▸ Exercise directions
What are the lines from the top of the entries through the one with "import ezdxf"? Write them out exactly, with no pictures.

*** Supplied information Section Begins ***

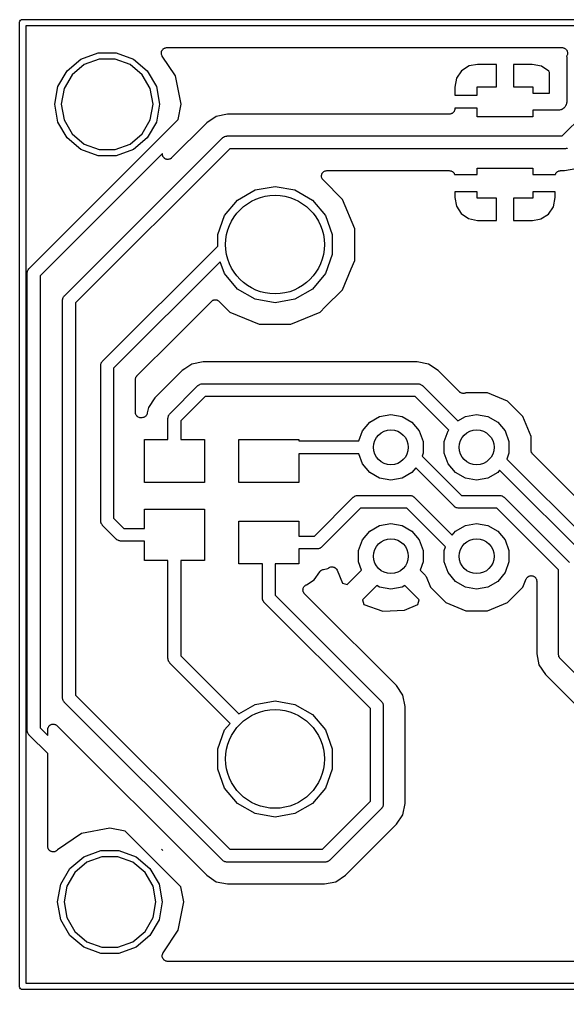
# Model space of a CAD drawing. Extents: x 10 to 287, y -200 to -10.
# Drawn here: x 148.2 to 160.97, y -119.33 to -96.7 of the extents above; entities that cross this region are included whole.
import ezdxf

# ---------------------------------------------------------------- set-up
doc = ezdxf.new("R2010")
doc.units = 0
doc.header["$MEASUREMENT"] = 0
doc.layers.add('BLACK', color=7, linetype='CONTINUOUS')

msp = doc.modelspace()

# ---------------------------------------------------------------- linework, layer by layer
at = {"layer": 'Black'}
for p, q in [((148.196, -96.761), (148.205, -96.7365)), ((148.196, -96.787), (148.196, -96.761)), ((148.197, -96.7908), (148.196, -96.787)), ((148.197, -119.236), (148.197, -96.7908)), ((148.205, -96.7365), (148.222, -96.7165)), ((148.222, -96.7165), (148.244, -96.7035)), ((148.244, -96.7035), (148.256, -96.7015)), ((148.256, -96.7015), (148.259, -96.7001)), ((148.259, -96.7001), (148.264, -96.7001)), ((148.264, -96.7001), (148.27, -96.699)), ((148.27, -96.699), (187.96, -96.699)), ((187.885, -96.849), (148.347, -96.849)), ((148.347, -96.849), (148.347, -119.178)), ((149.631, -97.6227), (150.029, -97.4778)), ((150.029, -97.4778), (150.453, -97.4778)), ((150.453, -97.4778), (150.851, -97.6227)), ((151.504, -97.4702), (151.505, -97.4661)), ((151.505, -97.4881), (151.504, -97.4702)), ((151.505, -97.4619), (151.511, -97.4451)), ((151.505, -97.4661), (151.505, -97.4619)), ((151.505, -97.5061), (151.505, -97.4881)), ((151.507, -97.51), (151.505, -97.5061)), ((151.507, -97.5142), (151.507, -97.51)), ((151.514, -97.5306), (151.507, -97.5142)), ((151.511, -97.4451), (151.516, -97.4278)), ((151.52, -97.5475), (151.514, -97.5306)), ((151.516, -97.4278), (151.519, -97.4244)), ((151.519, -97.4244), (151.52, -97.4205)), ((151.52, -97.4205), (151.532, -97.4067)), ((151.532, -97.4067), (151.543, -97.3923)), ((151.543, -97.3923), (151.546, -97.3899)), ((151.546, -97.3899), (151.549, -97.3867)), ((151.549, -97.3867), (151.564, -97.3777)), ((151.564, -97.3777), (151.579, -97.3678)), ((151.579, -97.3678), (151.583, -97.3668)), ((151.583, -97.3668), (151.587, -97.3647)), ((151.587, -97.3647), (151.605, -97.3615)), ((151.605, -97.3615), (151.622, -97.3573)), ((151.622, -97.3573), (151.626, -97.3577)), ((151.626, -97.3577), (151.63, -97.357)), ((151.63, -97.357), (160.844, -97.357)), ((160.844, -97.357), (160.848, -97.3577)), ((160.848, -97.3577), (160.852, -97.3573)), ((160.852, -97.3573), (160.87, -97.3615)), ((160.87, -97.3615), (160.887, -97.3647)), ((160.887, -97.3647), (160.891, -97.3668)), ((160.891, -97.3668), (160.895, -97.3678)), ((160.895, -97.3678), (160.91, -97.3777)), ((160.91, -97.3777), (160.925, -97.3867)), ((160.925, -97.3867), (160.928, -97.3899)), ((160.928, -97.3899), (160.932, -97.3923)), ((160.932, -97.3923), (160.942, -97.4067)), ((160.942, -97.4067), (160.954, -97.4205)), ((160.954, -97.4205), (160.955, -97.4244)), ((160.96, -97.5306), (160.954, -97.5475)), ((160.955, -97.4244), (160.958, -97.4278)), ((160.958, -97.4278), (160.963, -97.4451)), ((160.967, -97.5142), (160.96, -97.5306)), ((160.963, -97.4451), (160.969, -97.4619)), ((160.969, -97.5061), (160.967, -97.51)), ((160.967, -97.51), (160.967, -97.5142)), ((160.969, -97.4619), (160.969, -97.4661)), ((160.969, -97.4661), (160.97, -97.4702)), ((160.97, -97.4702), (160.969, -97.4881)), ((160.969, -97.4881), (160.969, -97.5061)), ((149.307, -97.895), (149.631, -97.6227)), ((149.706, -97.7526), (149.422, -97.9914)), ((150.055, -97.6255), (149.706, -97.7526)), ((150.427, -97.6255), (150.055, -97.6255)), ((150.776, -97.7526), (150.427, -97.6255)), ((151.06, -97.9914), (150.776, -97.7526)), ((150.851, -97.6227), (151.175, -97.895)), ((151.523, -97.5507), (151.52, -97.5475)), ((151.525, -97.5546), (151.523, -97.5507)), ((151.835, -98.0188), (151.525, -97.5546)), ((158.874, -97.7476), (158.675, -97.7851)), ((159.312, -97.7476), (158.874, -97.7476)), ((159.312, -98.268), (159.312, -97.7476)), ((159.712, -97.7476), (159.712, -98.268)), ((160.149, -97.7476), (159.712, -97.7476)), ((160.363, -97.7909), (160.149, -97.7476)), ((160.949, -97.5546), (160.948, -97.5567)), ((160.948, -97.5567), (160.952, -97.5766)), ((160.951, -97.5507), (160.949, -97.5546)), ((160.954, -97.5475), (160.951, -97.5507)), ((160.952, -97.5766), (160.952, -98.618)), ((149.095, -98.2618), (149.307, -97.895)), ((151.175, -97.895), (151.387, -98.2618)), ((158.501, -97.8968), (158.385, -98.0665)), ((158.675, -97.7851), (158.501, -97.8968)), ((160.533, -97.9069), (160.363, -97.7909)), ((160.552, -97.9354), (160.533, -97.9069)), ((160.552, -98.418), (160.552, -97.9354)), ((149.422, -97.9914), (149.236, -98.3131)), ((151.246, -98.3131), (151.06, -97.9914)), ((151.966, -98.679), (151.835, -98.0188)), ((158.385, -98.0665), (158.342, -98.2807)), ((149.021, -98.679), (149.095, -98.2618)), ((149.236, -98.3131), (149.171, -98.679)), ((151.311, -98.679), (151.246, -98.3131)), ((151.387, -98.2618), (151.461, -98.679)), ((158.342, -98.2807), (158.342, -98.468)), ((158.862, -98.468), (158.862, -98.268)), ((158.862, -98.268), (159.312, -98.268)), ((159.712, -98.268), (160.162, -98.268)), ((160.162, -98.268), (160.162, -98.418)), ((160.162, -98.418), (160.552, -98.418)), ((158.342, -98.468), (158.862, -98.468)), ((160.948, -98.6527), (160.943, -98.669)), ((160.951, -98.6354), (160.948, -98.644)), ((160.948, -98.644), (160.948, -98.6527)), ((160.952, -98.618), (160.95, -98.6266)), ((160.95, -98.6266), (160.951, -98.6354)), ((149.095, -99.0962), (149.021, -98.679)), ((149.171, -98.679), (149.236, -99.0449)), ((151.246, -99.0449), (151.311, -98.679)), ((151.461, -98.679), (151.387, -99.0962)), ((151.895, -99.0349), (151.966, -98.679)), ((158.287, -98.8858), (158.278, -98.893)), ((158.296, -98.8803), (158.287, -98.8858)), ((158.303, -98.8718), (158.296, -98.8803)), ((158.312, -98.8646), (158.303, -98.8718)), ((158.317, -98.855), (158.312, -98.8646)), ((158.325, -98.8465), (158.317, -98.855)), ((158.328, -98.8361), (158.325, -98.8465)), ((158.334, -98.8264), (158.328, -98.8361)), ((158.336, -98.8155), (158.334, -98.8264)), ((158.34, -98.8051), (158.336, -98.8155)), ((158.342, -98.783), (158.34, -98.7939)), ((158.34, -98.7939), (158.34, -98.8051)), ((158.862, -98.768), (158.342, -98.768)), ((158.342, -98.768), (158.342, -98.783)), ((158.862, -98.968), (158.862, -98.768)), ((160.751, -98.818), (160.162, -98.818)), ((160.162, -98.818), (160.162, -98.968)), ((160.76, -98.8165), (160.751, -98.818)), ((160.769, -98.8172), (160.76, -98.8165)), ((160.778, -98.8149), (160.769, -98.8172)), ((160.786, -98.8149), (160.778, -98.8149)), ((160.803, -98.809), (160.786, -98.8149)), ((160.82, -98.8059), (160.803, -98.809)), ((160.828, -98.8015), (160.82, -98.8059)), ((160.836, -98.7993), (160.828, -98.8015)), ((160.843, -98.7942), (160.836, -98.7993)), ((160.852, -98.7912), (160.843, -98.7942)), ((160.865, -98.78), (160.852, -98.7912)), ((160.88, -98.7712), (160.865, -98.78)), ((160.886, -98.7645), (160.88, -98.7712)), ((160.893, -98.7594), (160.886, -98.7645)), ((160.898, -98.7522), (160.893, -98.7594)), ((160.893, -98.7594), (160.893, -98.7594)), ((160.905, -98.7465), (160.898, -98.7522)), ((160.913, -98.7313), (160.905, -98.7465)), ((160.925, -98.718), (160.913, -98.7313)), ((160.928, -98.7098), (160.925, -98.718)), ((160.933, -98.7025), (160.928, -98.7098)), ((160.935, -98.694), (160.933, -98.7025)), ((160.939, -98.6864), (160.935, -98.694)), ((160.943, -98.669), (160.939, -98.6864)), ((148.42, -102.51), (151.895, -99.0349)), ((149.307, -99.463), (149.095, -99.0962)), ((149.236, -99.0449), (149.422, -99.3666)), ((151.06, -99.3666), (151.246, -99.0449)), ((151.387, -99.0962), (151.175, -99.463)), ((152.561, -99.1116), (151.743, -99.9291)), ((152.784, -98.9624), (152.561, -99.1116)), ((153.048, -98.91), (152.784, -98.9624)), ((158.215, -98.91), (153.048, -98.91)), ((158.225, -98.9081), (158.215, -98.91)), ((158.237, -98.9081), (158.225, -98.9081)), ((158.247, -98.9043), (158.237, -98.9081)), ((158.258, -98.9023), (158.247, -98.9043)), ((158.268, -98.8968), (158.258, -98.9023)), ((158.278, -98.893), (158.268, -98.8968)), ((160.162, -98.968), (158.862, -98.968)), ((160.847, -99.418), (161.331, -98.9344)), ((149.246, -103.145), (152.929, -99.4619)), ((149.631, -99.7353), (149.307, -99.463)), ((149.422, -99.3666), (149.706, -99.6054)), ((150.776, -99.6054), (151.06, -99.3666)), ((151.175, -99.463), (150.851, -99.7353)), ((152.929, -99.4619), (152.934, -99.4581)), ((152.934, -99.4581), (152.939, -99.4531)), ((152.939, -99.4531), (152.956, -99.4433)), ((152.956, -99.4433), (152.972, -99.4321)), ((152.972, -99.4321), (152.978, -99.4303)), ((152.978, -99.4303), (152.984, -99.427)), ((152.984, -99.427), (153.003, -99.4236)), ((153.003, -99.4236), (153.022, -99.4186)), ((153.022, -99.4186), (153.029, -99.4191)), ((153.029, -99.4191), (153.035, -99.418)), ((153.035, -99.418), (160.847, -99.418)), ((153.097, -99.718), (149.502, -103.313)), ((150.029, -99.8802), (149.631, -99.7353)), ((149.706, -99.6054), (150.055, -99.7325)), ((150.055, -99.7325), (150.427, -99.7325)), ((150.427, -99.7325), (150.776, -99.6054)), ((150.851, -99.7353), (150.453, -99.8802)), ((160.909, -99.718), (153.097, -99.718)), ((160.915, -99.7169), (160.909, -99.718)), ((160.922, -99.7174), (160.915, -99.7169)), ((160.941, -99.7124), (160.922, -99.7174)), ((160.96, -99.709), (160.941, -99.7124)), ((160.966, -99.7057), (160.96, -99.709)), ((160.972, -99.7039), (160.966, -99.7057)), ((151.527, -99.8273), (148.677, -102.678)), ((150.453, -99.8802), (150.029, -99.8802)), ((151.527, -99.8282), (151.527, -99.8273)), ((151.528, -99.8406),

*** Supplied information Section Ends ***

▸ Answer for the task
# Model space of a CAD drawing. Extents: x 10 to 287, y -200 to -10.
# Drawn here: x 148.2 to 160.97, y -119.33 to -96.7 of the extents above; entities that cross this region are included whole.
import ezdxf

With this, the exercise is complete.